Um Kunden den gewohnten Komfort aus anderen digitalen Ökosystemen im Fahrzeug nicht vorzuenthalten, sei es zudem nötig, Drittanbieter-Services sinnvoll zu orchestrieren. Den eigenen Themenschwerpunkt sieht er vor allem bei Themen mit starkem Auto-Bezug: Etwa Dienste mit Bezug zur Sensorik des Fahrzeugs, Personalisierungen auf Basis der individuellen Routenplanung, die nahtlose Einbindung des Autos in intermodale Mobilitätssysteme oder die Buchung von Services rund um das Auto.
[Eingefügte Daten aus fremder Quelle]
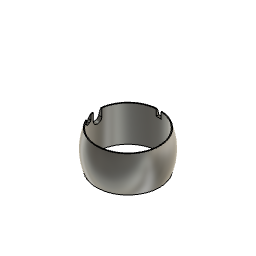
sphere_PS4 v1 (Autodesk Fusion 360 design; units mm, degrees)
Autodesk Fusion 360 part; units mm, degrees
note: some values were not read from the file. Set by a fixed rule: which sketch regions a step uses.
ref_plane "Arbeitsebene2" through (0, 0, 70) normal (0, 0, 1) x (1, 0, 0)
sketch "Skizze1" plane through (0, 0, 70) normal (0, 0, 1) x (1, 0, 0)
  circle A0 centre (0, 0) radius 60
  line L0 (-32, -65.4497) -> (-32, 74.1763) construction
  line L1 (32, -65.9786) -> (32, 70) construction
  line L2 (-70, -45) -> (87.8831, -45) construction
  line L3 (-67.6095, 45) -> (98.1964, 45) construction
  line L4 (-42.2555, 59.4219) -> (47.2161, -66.3977) construction
  line L5 (-55.8567, -78.5485) -> (54.1174, 76.1026) construction
  line L6 (4.6, 47.5) -> (-4.6, 47.5)
  line L7 (-4.6, 47.5) -> (-4.6, 72.5)
  line L8 (-4.6, 72.5) -> (4.6, 72.5)
  line L9 (4.6, 72.5) -> (4.6, 47.5)
  line L10 (4.6, 47.5) -> (-4.6, 72.5) construction
  line L11 (-4.6, 47.5) -> (4.6, 72.5) construction
  line L12 (0, 80.8433) -> (0, -85.8515) construction
  line L13 (-51.741, 47.0895) -> (-51.741, -61.7465) construction
  line L14 (18.5366, 6.8393) -> (-95.6456, -35.2896) construction
  line L15 (-71.1394, 33.485) -> (-36.9267, -59.2417) construction
  point P0 (-32, 45)
  point P1 (32, -45)
  point P2 (-32, -45)
  point P3 (34.8015, 48.8759)
  point P4 (32, 45)
  point P5 (0, 60)
  point P6 (-51.741, -19.0905)
  dimension "d1" = 120
  dimension "d8" = 45
  dimension "d9" = 45
  dimension "d10" = 32
  dimension "d11" = 32
  dimension "d24" = 9.2
  dimension "d25" = 25
  dimension "d38" = 51.741
  dimension "d39" = 19.0905
  constraint coincident A0.centre origin
  constraint vertical L0
  constraint vertical L1
  constraint horizontal L2
  constraint perpendicular L1 L3
  constraint coincident A0.centre L4
  constraint coincident L0 P0
  constraint coincident L3 P0
  constraint coincident L2 P1
  constraint coincident L1 P1
  constraint coincident L0 P2
  constraint coincident L2 P2
  constraint coincident L4 P0
  constraint coincident A0.centre L5
  constraint coincident A0 P3
  constraint coincident L1 P4
  constraint coincident L3 P4
  constraint coincident L5 P4
  constraint horizontal L6
  constraint perpendicular L6 L7
  constraint parallel L6 L8
  constraint parallel L7 L9
  constraint coincident L10 P5
  constraint coincident L11 P5
  constraint vertical L12
  constraint coincident A0.centre L12
  constraint coincident P5 L12
  constraint coincident A0 P5
  constraint vertical L13
  constraint coincident L13 P6
  constraint coincident P6 L14
  constraint coincident A0.centre L14
  constraint perpendicular L14 L15
  constraint coincident P6 L15
  measures "d1" diameter of A0
  measures "d8" distance of A0.centre L3
  measures "d9" distance of A0.centre L2
  measures "d10" distance of A0.centre L1
  measures "d11" distance of A0.centre L0
  measures "d24" distance of L7 L9
  measures "d25" distance of L6 L8
  measures "d38" distance of A0.centre L13
  measures "d39" vertical distance of A0.centre P6
sketch "Skizze4" plane through (0, 0, 0) normal (0, 1, 0) x (1, 0, 0)
  line L0 (-48.1569, -35) -> (99.3062, -35) construction
  line L1 (60.1, -70) -> (60.1, 0)
  line L2 (60.1, 0) -> (61.6, 0)
  arc A0 (61.6, -70) -> (61.6, 0) centre (-32.075, -35) ccw
  line L3 (60.1, -70) -> (61.6, -70)
  point P0 (-32.075, -35)
  dimension "d31" = 35
  dimension "d32" = 60.1
  dimension "d33" = 1.5
  dimension "d34" = 35
  dimension "d35" = 1.5
  dimension "d36" = 100
  constraint horizontal L0
  constraint perpendicular L0 L1
  constraint horizontal L2
  constraint coincident origin L2
  constraint coincident L1.end L2.start
  constraint coincident L0 P0
  constraint coincident P0 A0.centre
  constraint horizontal L3
  constraint coincident L1.start L3.start
  constraint coincident A0.start L3.end
  measures "d31" distance of origin L0
  measures "d32" distance of origin L1
  measures "d33" distance of L1.end L2.end
  measures "d34" distance of L0 L3
  measures "d35" distance of L1.start A0.start
  measures "d36" radius of A0
revolve "Drehen2" add sketch "Skizze4" angle 360 about axis through (0, 0, 1.75) along (0, 0, 1)
ref_plane "Arbeitsebene3" through (-51.741, -19.0905, 70) normal (0.938178, 0.346153, 0) x (-0.346153, 0.938178, 0)
sketch "Skizze5" plane through (-51.741, -19.0905, 0) normal (0.938178, 0.346153, 0) x (-0.346153, 0.938178, 0)
  line L0 (22.1819, 62) -> (-34.0583, 62) construction
  line L1 (45.7665, 70) -> (-50, 70) construction
  line L2 (60, 70) -> (-60, 70)
  line L3 (0, -62.5) -> (0, 202.5)
  line L4 (-4, 59) -> (4, 59)
  line L5 (7, 70) -> (-29, 70)
  line L6 (-7, 70) -> (-7, 62)
  line L7 (7, 70) -> (7, 62)
  arc A0 (4, 59) -> (7, 62) centre (4, 62) ccw
  arc A1 (-7, 62) -> (-4, 59) centre (-4, 62) ccw
  point P0 (4, 62)
  point P1 (-4, 62)
  point P2 (0, 70)
  point P3 (0, 70)
  dimension "d40" = 70
  dimension "d41" = 8
  dimension "d44" = 4
  dimension "d45" = 4
  constraint horizontal L0
  constraint horizontal L1
  constraint horizontal L4
  constraint horizontal L5
  constraint coincident L1 P3
  constraint coincident L3 P3
  constraint coincident L5 P3
  constraint vertical L6
  constraint vertical L7
  constraint coincident L0 P1
  constraint coincident L2 L6.start
  constraint coincident L2 L5.start
  constraint coincident L5.start L7.start
  constraint coincident P0 A0.centre
  constraint coincident P1 A1.centre
  measures "d40" distance of origin L1
  measures "d41" distance of L0 L2
  measures "d44" distance of L3 P0
  measures "d45" distance of L3 P1
extrude "Extrusion1" cut sketch "Skizze5" along normal mid plane 40
extrude "Extrusion2" cut sketch "Skizze1" against normal blind 12.5 contours A0 L6 L7 L9 | A0 L7 L8 L9 picked at (-1.4809, 11.7216)
sketch "Skizze6" plane through (0, 0, 0) normal (1, 0, 0) x (0, 1, 0)
  line L0 (8.2, 70) -> (-95.5036, 70) construction
  line L1 (8.2, 70) -> (8.2, 55)
  line L2 (-8.2, 70) -> (-8.2, 55)
  line L3 (0, 78.2576) -> (0, 37.1704) construction
  line L4 (52.1379, 70) -> (-8.2, 70)
  arc A0 (-8.2, 55) -> (8.2, 55) centre (0, 55) ccw
  point P0 (0, 55)
  dimension "d50" = 70
  dimension "d51" = 8.2
  dimension "d52" = 8.2
  dimension "d54" = 15
  constraint horizontal L0
  constraint perpendicular L0 L1
  constraint perpendicular L0 L2
  constraint perpendicular L0 L3
  constraint coincident origin L3
  constraint coincident L0 L1.start
  constraint coincident L0 L2.start
  constraint horizontal L4
  constraint coincident L2.start L4.end
  constraint coincident L0.start L1.start
  constraint coincident P0 A0.centre
  measures "d50" distance of origin L0
  measures "d51" distance of origin L2
  measures "d52" distance of origin L1
  measures "d54" distance of L0 P0
extrude "Extrusion3" cut sketch "Skizze6" against normal blind 90

Sicherheit muss über den Lebenszyklus gedacht werden

Dass nicht nur Volkswagen an derartigen Services arbeitet, demonstriert Adi Ofek, CEO von Mercedes-Benz Research & Development Tel Aviv, im Rahmen ihres Vortrags. Im EQXX setzt der Stuttgarter Premiumhersteller etwa auf KI-Assistenten im Fahrzeug, eine 3D-Navigation und die Einbeziehung von topographischen sowie Wetter-Informationen in die Routenplanung.

Ebenso wie Cariad-Experte Krösche betont auch Ofek die Relevanz der Kundenschnittstelle: „Die Verbindung mit dem Kunden startet eigentlich erst richtig, nachdem dieser das Auto schon gekauft hat“, so die IT-Expertin. Dies dürfe jedoch nie auf Kosten der Sicherheit geschehen. „Lösungen, die innovativ aber nicht sicher sind, werden wir nicht launchen“, verspricht die Leiterin des israelischen Entwicklungsstandorts. Um die Sicherheit der eigenen Fahrzeuge zu garantieren, arbeite man einerseits mit der White Hat-Community zusammen. Andererseits denke man Security inzwischen konsequent in Lebenszyklen, was eine stringente Update-Strategie erfordere.